**Problem description:** Please write out exactly the lines of the data below from the line holding "[picture b3bot: board" through the line holding "Board: 4 copper", and leave out the rest.

(Dataset records)
★ ★ ★ ★ ★ ★ ★

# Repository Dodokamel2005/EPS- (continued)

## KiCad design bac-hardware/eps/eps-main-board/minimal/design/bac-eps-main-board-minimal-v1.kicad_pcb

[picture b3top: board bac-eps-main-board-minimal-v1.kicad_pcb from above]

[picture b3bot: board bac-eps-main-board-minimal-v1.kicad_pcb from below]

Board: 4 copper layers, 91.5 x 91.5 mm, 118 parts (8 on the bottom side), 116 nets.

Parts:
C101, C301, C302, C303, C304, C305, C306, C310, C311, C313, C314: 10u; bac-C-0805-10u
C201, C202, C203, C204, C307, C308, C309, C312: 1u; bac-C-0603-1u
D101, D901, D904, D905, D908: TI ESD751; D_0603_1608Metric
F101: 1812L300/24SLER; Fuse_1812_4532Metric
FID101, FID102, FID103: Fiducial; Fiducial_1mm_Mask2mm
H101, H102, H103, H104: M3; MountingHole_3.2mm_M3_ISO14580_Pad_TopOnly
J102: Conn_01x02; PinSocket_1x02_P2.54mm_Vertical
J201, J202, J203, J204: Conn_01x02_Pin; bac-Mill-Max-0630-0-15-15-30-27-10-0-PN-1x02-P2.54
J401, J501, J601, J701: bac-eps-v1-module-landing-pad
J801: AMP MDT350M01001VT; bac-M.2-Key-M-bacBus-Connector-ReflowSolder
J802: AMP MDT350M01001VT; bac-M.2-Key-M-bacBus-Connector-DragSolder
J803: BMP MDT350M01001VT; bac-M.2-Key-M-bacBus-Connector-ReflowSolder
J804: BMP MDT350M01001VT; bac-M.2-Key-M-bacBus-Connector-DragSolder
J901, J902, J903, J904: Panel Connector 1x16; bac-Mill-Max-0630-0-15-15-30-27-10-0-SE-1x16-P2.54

★ ★ ★ ★ ★ ★ ★

**Written solution:**
[picture b3bot: board bac-eps-main-board-minimal-v1.kicad_pcb from below]

Board: 4 copper layers, 91.5 x 91.5 mm, 118 parts (8 on the bottom side), 116 nets.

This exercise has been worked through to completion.